_TO DO:_ A complete response lists each line of the data below that includes the word "xlDoc".

EXCERPTED DATA Start Marker

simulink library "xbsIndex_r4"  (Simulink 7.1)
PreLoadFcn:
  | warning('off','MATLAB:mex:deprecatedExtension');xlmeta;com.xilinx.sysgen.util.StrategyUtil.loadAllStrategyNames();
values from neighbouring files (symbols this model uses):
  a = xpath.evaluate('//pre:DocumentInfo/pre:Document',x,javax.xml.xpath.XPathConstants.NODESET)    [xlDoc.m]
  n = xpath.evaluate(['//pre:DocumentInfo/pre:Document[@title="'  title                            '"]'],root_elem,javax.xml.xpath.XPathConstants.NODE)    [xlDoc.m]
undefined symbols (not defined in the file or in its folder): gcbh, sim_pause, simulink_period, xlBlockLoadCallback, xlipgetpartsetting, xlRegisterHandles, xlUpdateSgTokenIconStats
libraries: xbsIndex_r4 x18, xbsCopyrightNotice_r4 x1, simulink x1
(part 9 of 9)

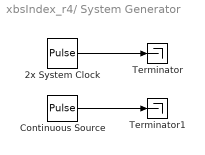
== system xbsIndex_r4/ System Generator ==
  2x System Clock : DiscretePulseGenerator  SampleTime=simulink_period
  Continuous Source : DiscretePulseGenerator  PulseType=Time based  Period=2*simulink_period  PulseWidth=50
  Terminator : Terminator
  Terminator1 : Terminator
  wires:
  Continuous Source/1 -> Terminator1/1
  2x System Clock/1 -> Terminator/1

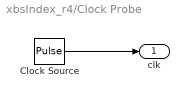
== system xbsIndex_r4/Clock Probe ==
  Clock Source : DiscretePulseGenerator  PhaseDelay=2  SampleTime=(simulink_period/2)
  clk : Outport  OutDataType=sfix(16)  OutScaling=2^0
  wires:
  Clock Source/1 -> clk/1

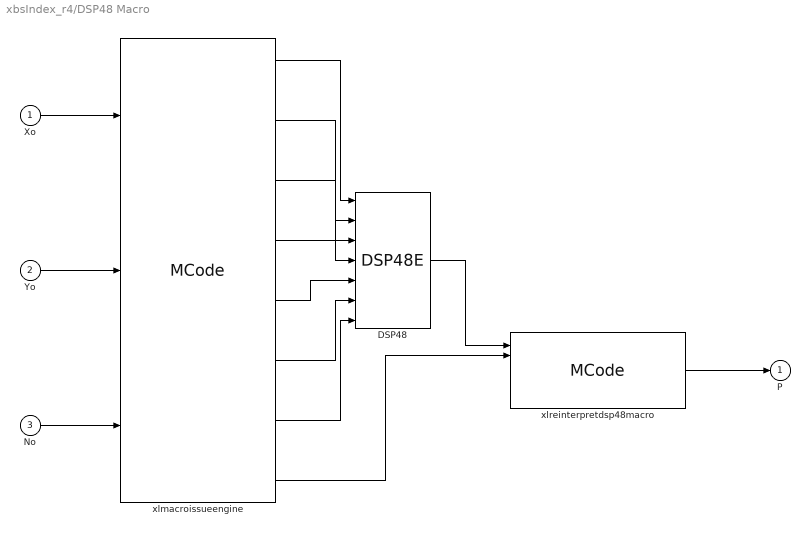
== system xbsIndex_r4/DSP48 Macro ==
  Xo : Inport  OutDataType=sfix(16)  OutScaling=2^0
  Yo : Inport  Port=2  OutDataType=sfix(16)  OutScaling=2^0
  No : Inport  Port=3  OutDataType=sfix(16)  OutScaling=2^0
  DSP48 : xbsIndex_r4/DSP48E  use_a=Direct from A Port  use_b=Direct from B Port  reset_preg=off  pattern_from_creg=on  pattern='000000000000'  mask_from_creg=on  pattern_mask='000000000000'  sel_rounding_mask=Select mask  use_op=off  use_creg=on  rst_all=off  en_all=off  use_pcin=off  use_carrycascin=off  use_multsignin=off  use_carryout=off  use_patterndetect=off  use_patternbdetect=off  use_overflow=off  use_underflow=off  use_acout=off  use_bcout=off  use_pcout=off  use_multsignout=off  use_carrycascout=off  pipeline_a=1  pipeline_b=1  pipeline_acout=1  pipeline_bcout=1  pipeline_c=on  pipeline_p=on  pipeline_mult=on  pipeline_opmode=on  pipeline_alumode=on  pipeline_carryin=on  pipeline_carryinsel=on  rst_a=off  rst_b=off  rst_c=off  rst_mult=off  rst_p=off  rst_carry_in=off  rst_alumode=off  rst_ctrl=off  en_a1=off  en_a2=off  en_b1=off  en_b2=off  en_c=off  en_mult=off  en_p=off  en_carry_in=off  en_alumode=off  en_multcarryin=off  en_ctrl=off  use_synth_model=off  addsub_mode=ONE48  xl_useadderonly=off  block_type=dsp48e
  xlmacroissueengine : xbsIndex_r4/MCode  mfname=xlissue_engine_v5  explicit_period=off  period=1  dbl_ovrd=off  enable_stdout=off  enable_debug=off  suppress_output=on  defparams={'id_a1', 0,'id_a2', 0,'id_a3', 0,'id_a4', 0,'id_a5', 0,'id_a6', 0,'id_a7', 0,'id_b1', 0,'id_b2', 0,'id_b3', 0,'id_b4', 0,'id_b5', 0,'id_b6', 0,'id_b7', 0,'id_c1', 0,'id_c2', 0,'id_c3', 0,'id_c4', 0,'id_c5', 0,'id_c6', 0,'id_c7', 0,'op_const0',53,'op_const1', 0,'op_const2', 0,'op_const3', 0,'op_const4', 0,'op_const5', 0,'op_const6', 0,'op_const7', 0,'alumode_const0',0,'alumode_const1', 0,'alumode_const2', 0,'alumode_const3', 0,'alumode_const4', 0,'alumode_const5', 0,'alumode_const6', 0,'alumode_const7', 0,'carry_in_sel0',0,'carry_in_sel1', 0,'carry_in_sel2', 0,'carry_in_sel3', 0,'carry_in_sel4', 0,'carry_in_sel5', 0,'carry_in_sel6', 0,'carry_in_sel7', 0,'external_cin0', 0,'external_cin1', 0,'external_cin2', 0,'external_cin3', 0,'external_cin4', 0,'external_cin5', 0,'external_cin6', 0,'external_cin7', 0,'reg_a',0,'reg_b',0,'reg_c',0,'reg_op',0,'mode0', 1,'mode1', 0,'mode2', 0,'mode3', 0,'mode4', 0,'mode5', 0,'mode6', 0,'mode7', 0,'ce_all',true,'use_ce_all',false,'sel',0,'rst_all',false,'use_rst_all',false,'cinused',false,'ninstr',1}  hide_port_list={}  block_type=mcode
      settings: xl_area=[0, 0, 0, 0, 0, 0, 0]
  xlreinterpretdsp48macro : xbsIndex_r4/MCode  mfname=xlreinterpretdsp48macro  explicit_period=off  period=1  dbl_ovrd=off  enable_stdout=off  enable_debug=off  suppress_output=off  defparams={'full',precision,'n_bits',n_bits,'bin_pt',bin_pt,'arith_type',arith_type}  hide_port_list={}  block_type=mcode
      settings: xl_area=[0, 0, 0, 0, 0, 0, 0]
  P : Outport  OutDataType=sfix(16)  OutScaling=2^0
  wires:
  xlreinterpretdsp48macro/1 -> P/1
  DSP48/1 -> xlreinterpretdsp48macro/1
  xlmacroissueengine/8 -> xlreinterpretdsp48macro/2
  xlmacroissueengine/7 -> DSP48/7
  xlmacroissueengine/6 -> DSP48/6
  xlmacroissueengine/5 -> DSP48/5
  xlmacroissueengine/4 -> DSP48/4
  xlmacroissueengine/3 -> DSP48/3
  xlmacroissueengine/2 -> DSP48/2
  xlmacroissueengine/1 -> DSP48/1
  No/1 -> xlmacroissueengine/3
  Yo/1 -> xlmacroissueengine/2
  Xo/1 -> xlmacroissueengine/1

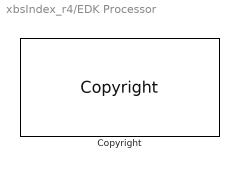
== system xbsIndex_r4/EDK Processor ==
  Copyright : xbsCopyrightNotice_r4/Copyright  copyrighttext="Copyright (c) 2011  by  Xilinx, Inc. All rights reserved.<br><br>This file contains proprietary, confidential information of Xilinx, Inc., is distributed under license from Xilinx, Inc., and may be used, copied and/or disclosed only pursuant to the terms of a valid license agreement with Xilinx, Inc. Xilinx hereby grants you a license to use this file solely for design, simulation, implementation and creation of design files limited to Xilinx devices or technologies. Use with non-Xilinx devices or technologies is expressly prohibited and immediately terminates your license unless covered by a separate agreement.<br><br>Xilinx is providing this design, code, or information \"as-is\" solely for use in developing programs and solutions for Xilinx devices, with no obligation on the part of Xilinx to provide support. By providing this design, code, or information as one possible implementation of this feature, application or standard, Xilinx is making no representation that this implementation is free from any claims of infringement. You are responsible for obtaining any rights you may require for your implementation. Xilinx expressly disclaims any warranty whatsoever with respect to the adequacy of the implementation, including but not limited to any warranties or representations that this implementation is free from claims of infringement, implied warranties of merchantability or fitness for a particular purpose.<br><br>Xilinx products are not intended for use in life support appliances, devices, or systems. Use in such applications is expressly prohibited.<br><br>Any modifications that are made to the Source Code are done at the user's sole risk and will be unsupported.<br><br>This copyright and support notice must be retained as part of this text at all times. (c) Copyright 1995-2011 Xilinx, Inc. All rights reserved."  block_type=copyright
      settings: block_version=10.1.3
      settings: infoedit=|
      | Copyright(C) 2008 by  Xilinx, Inc. All rights reserved.<br>
      | <br>
      | This file contains proprietary, confidential information of Xilinx, Inc., is distributed under license
      | from Xilinx, Inc., and may be used, copied and/or disclosed only pursuant to the terms of a valid license
      | agreement with Xilinx, Inc. Xilinx hereby grants you a license to use this file solely for design,
      | simulation, implementation and creation of design files limited to Xilinx devices or technologies. Use
      | with non-Xilinx devices or technologies is expressly prohibited and immediately terminates your license
      | unless covered by a separate agreement.<br>
      | <br>
      | Xilinx is providing this design, code, or information "as-is" solely for use in developing programs and
      | solutions for Xilinx devices, with no obligation on the part of Xilinx to provide support. By providing
      | this design, code, or information as one possible implementation of this feature, application or standard,
      | Xilinx is making no representation that this implementation is free from any claims of infringement. You
      | are responsible for obtaining any rights you may require for your implementation. Xilinx expressly disclaims
      | any warranty whatsoever with respect to the adequacy of the implementation, including but not limited to any
      | warranties or representations that this implementation is free from claims of infringement, implied warranties
      | of merchantability or fitness for a particular purpose.<br>
      | <br>
      | Xilinx products are not intended for use in life support appliances, devices, or systems. Use in such
      | applications is expressly prohibited.<br>
      | <br>
      | Any modifications that are made to the Source Code are done at the user's sole risk and will be unsupported.<br>
      | <br>
      | This copyright and support notice must be retained as part of this text at all times.
      | (c) Copyright 1995-2008 Xilinx, Inc. All rights reserved.

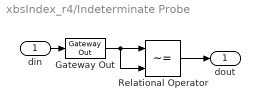
== system xbsIndex_r4/Indeterminate Probe ==
  din : Inport  OutDataType=sfix(16)  OutScaling=2^0
  Gateway Out : xbsIndex_r4/Gateway Out  inherit_from_input=off  hdl_port=off  timing_constraint=None  locs_specified=off  LOCs={}  UseAsDAC=off  DACChannel='1'  block_type=gatewayout
      settings: infoedit="Gateway out block.  Converts Xilinx fixed point inputs into ouputs of type Simulink integer, double, or fixed point.<P><P>Hardware notes:  In hardware these blocks become top level output ports or are discarded, depending on how they are configured."  block_version=9.2-dev
  Relational Operator : RelationalOperator  Operator=~=  InputSameDT=on
  dout : Outport  OutDataType=sfix(16)  OutScaling=2^0
  wires:
  Gateway Out/1 -> Relational Operator/1, Relational Operator/2
  Relational Operator/1 -> dout/1
  din/1 -> Gateway Out/1

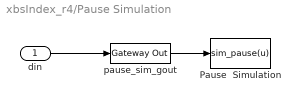
== system xbsIndex_r4/Pause Simulation ==
  din : Inport  OutDataType=sfix(16)  OutScaling=2^0
  Pause  Simulation : MATLABFcn  Priority=1000  MATLABFcn=sim_pause(u)  OutputDimensions=0  Output1D=off
  pause_sim_gout : xbsIndex_r4/Gateway Out  inherit_from_input=off  hdl_port=off  timing_constraint=None  locs_specified=off  LOCs={}  UseAsDAC=off  DACChannel='1'  block_type=gatewayout
      settings: infoedit="Gateway out block.  Converts Xilinx fixed point inputs into ouputs of type Simulink integer, double, or fixed point.<br><br>Hardware notes:  In hardware these blocks become top level output ports or are discarded, depending on how they are configured."  block_version=11.3
  wires:
  pause_sim_gout/1 -> Pause  Simulation/1
  din/1 -> pause_sim_gout/1

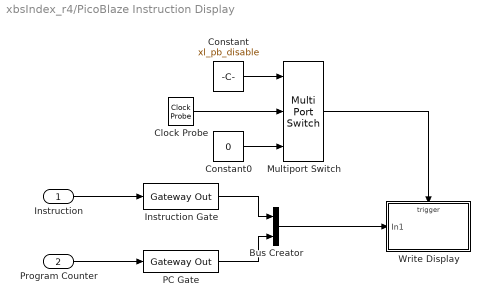
== system xbsIndex_r4/PicoBlaze Instruction Display ==
  Instruction : Inport  OutDataType=sfix(16)  OutScaling=2^0
  Program Counter : Inport  Port=2  OutDataType=sfix(16)  OutScaling=2^0
  Bus Creator : BusCreator  Inputs=2
  Clock Probe : xbsIndex_r4/Clock Probe  SystemSampleTime=-1  block_type=clkprobe
      settings: infoedit="Clock probe.  Produces an output of type double that mirrors the hardware system clock.<P><P>Hardware notes:  This block is ignored when hardware is generated."  block_version=9.1-dev2
  Constant : Constant  Value=xl_pb_disable  OutDataType=sfix(16)  OutScaling=2^0
  Constant0 : Constant  Value=0  OutDataType=sfix(16)  OutScaling=2^0
  Instruction Gate : xbsIndex_r4/Gateway Out  inherit_from_input=off  hdl_port=off  timing_constraint=None  locs_specified=off  LOCs={}  UseAsDAC=off  DACChannel='1'  block_type=gatewayout
      settings: infoedit="Gateway out block.  Converts Xilinx fixed point inputs into ouputs of type Simulink integer, double, or fixed point.<P><P>Hardware notes:  In hardware these blocks become top level output ports or are discarded, depending on how they are configured."  xl_area=[0, 0, 0, 0, 0, 0, 0]  block_version=9.1-dev2
  Multiport Switch : MultiPortSwitch  Inputs=2  zeroidx=on  SaturateOnIntegerOverflow=on
  PC Gate : xbsIndex_r4/Gateway Out  inherit_from_input=off  hdl_port=off  timing_constraint=None  locs_specified=off  LOCs={}  UseAsDAC=off  DACChannel='1'  block_type=gatewayout
      settings: infoedit="Gateway out block.  Converts Xilinx fixed point inputs into ouputs of type Simulink integer, double, or fixed point.<P><P>Hardware notes:  In hardware these blocks become top level output ports or are discarded, depending on how they are configured."  xl_area=[0, 0, 0, 0, 0, 0, 0]  block_version=9.1-dev2
  Write Display : Subsystem  AncestorBlock=xbsIndex_r4/PicoBlaze Instruction Display/Write Display  mask{xl_pb_inst=LOAD sC, 12, xl_pb_pc=17, xl_pb_version=xl_pb_version}
      mask prompts: xl_pb_version "PicoBlaze Version"
  wires:
  Constant0/1 -> Multiport Switch/3
  Clock Probe/1 -> Multiport Switch/2
  Multiport Switch/1 -> Write Display/Trigger
  Constant/1 -> Multiport Switch/1
  Instruction/1 -> Instruction Gate/1
  Program Counter/1 -> PC Gate/1
  Instruction Gate/1 -> Bus Creator/1
  PC Gate/1 -> Bus Creator/2
  Bus Creator/1 -> Write Display/1(In1)

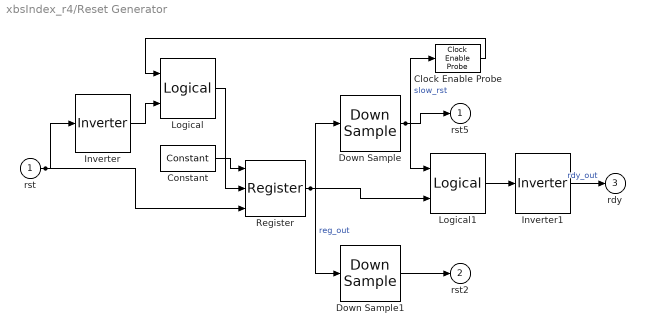
== system xbsIndex_r4/Reset Generator ==
  rst : Inport
  Clock Enable Probe : xbsIndex_r4/Clock Enable Probe  inherit_constraints=on  block_type=ceprobe
      settings: infoedit="Clock enable extractor.  Produces a Boolean output that mirrors the hardware clock enable associated with the input sample rate.<br><br>Hardware notes: in hardware this block costs nothing."
  Constant : xbsIndex_r4/Constant  const=1  gui_display_data_type=Fixed-point  arith_type=Boolean  n_bits=1  bin_pt=0  preci_type=Single  exp_width=8  frac_width=24  explicit_period=off  period=1  equ=P=C  opselect=C  inp2=PCIN>>17  opr=+  inp1=P  carry=CIN  dbl_ovrd=off  block_type=constant
  Down Sample : xbsIndex_r4/Down Sample  sample_ratio=5  sample_phase="Last Value of Frame  (most efficient)"  en=off  latency=1  dbl_ovrd=off  block_type=dsamp
  Down Sample1 : xbsIndex_r4/Down Sample  sample_ratio=2  sample_phase="Last Value of Frame  (most efficient)"  en=off  latency=3  dbl_ovrd=off  block_type=dsamp
  Inverter : xbsIndex_r4/Inverter  en=off  latency=0  dbl_ovrd=off  block_type=inv
  Inverter1 : xbsIndex_r4/Inverter  en=off  latency=0  dbl_ovrd=off  block_type=inv
  Logical : xbsIndex_r4/Logical  logical_function=AND  inputs=2  en=off  latency=0  precision=Full  arith_type=Unsigned  n_bits=16  bin_pt=0  align_bp=on  dbl_ovrd=off  block_type=logical
  Logical1 : xbsIndex_r4/Logical  logical_function=OR  inputs=2  en=off  latency=0  precision=Full  arith_type=Unsigned  n_bits=16  bin_pt=0  align_bp=on  dbl_ovrd=off  block_type=logical
  Register : xbsIndex_r4/Register  init=0  rst=on  en=on  dbl_ovrd=off  block_type=register
  rst5 : Outport
  rst2 : Outport  Port=2
  rdy : Outport  Port=3
  wires:
  Down Sample/1 -> rst5/1, Logical1/1, Clock Enable Probe/1  "slow_rst"
  rst/1 -> Register/3, Inverter/1
  Register/1 -> Down Sample1/1, Logical1/2, Down Sample/1  "reg_out"
  Inverter1/1 -> rdy/1  "rdy_out"
  Down Sample1/1 -> rst2/1
  Logical1/1 -> Inverter1/1
  Logical/1 -> Register/2
  Constant/1 -> Register/1
  Inverter/1 -> Logical/2
  Clock Enable Probe/1 -> Logical/1

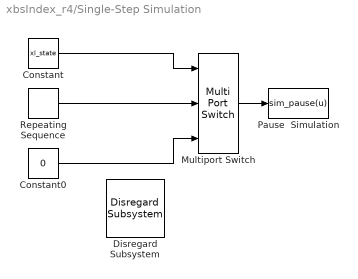
== system xbsIndex_r4/Single-Step Simulation ==
  Constant : Constant  Value=xl_state  OutDataType=sfix(16)  OutScaling=2^0
  Constant0 : Constant  Value=0  OutDataType=sfix(16)  OutScaling=2^0
  Disregard Subsystem : xbsIndex_r4/Disregard Subsystem  Tag=discardX  block_type=disregard
      settings: infoedit="Place this block into any subsystem of a model to indicate that you do not wish System Generator to generate any hardware components for the subsystem.  This block can be used in combination with the Simulation Multiplexer block to build alternative simulation models for a portion of a design (e.g. to provide a simulation model for a black box)."  block_version=11.4
  Multiport Switch : MultiPortSwitch  Inputs=2  zeroidx=on  SaturateOnIntegerOverflow=on
  Pause  Simulation : MATLABFcn  Priority=1000  MATLABFcn=sim_pause(u)  OutputDimensions=0  Output1D=off
  Repeating Sequence : simulink/Sources/Repeating Sequence  SystemSampleTime=-1  rep_seq_t=[0 1]  rep_seq_y=[1 1]
  wires:
  Repeating Sequence/1 -> Multiport Switch/2
  Multiport Switch/1 -> Pause  Simulation/1
  Constant0/1 -> Multiport Switch/3
  Constant/1 -> Multiport Switch/1

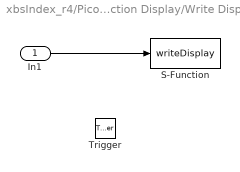
== system xbsIndex_r4/PicoBlaze Instruction Display/Write Display ==
  In1 : Inport  OutDataType=sfix(16)  OutScaling=2^0
  Trigger : TriggerPort  ZeroCross=off
  S-Function : S-Function  FunctionName=writeDisplay  Parameters=xl_pb_version  EnableBusSupport=off  mask(Write Display.){sysname=PBDemo_PicoBlaze__Instruction_Display, xl_pb_version=xl_pb_version}
      mask prompts: sysname "System Name"; xl_pb_version "PicoBlaze Version"
      mask help: Write Display. Writes the instruction and program counter to the display block.
  wires:
  In1/1 -> S-Function/1

EXCERPTED DATA End Marker

_YOUR SOLUTION:_
  a = xpath.evaluate('//pre:DocumentInfo/pre:Document',x,javax.xml.xpath.XPathConstants.NODESET)    [xlDoc.m]
  n = xpath.evaluate(['//pre:DocumentInfo/pre:Document[@title="'  title                            '"]'],root_elem,javax.xml.xpath.XPathConstants.NODE)    [xlDoc.m]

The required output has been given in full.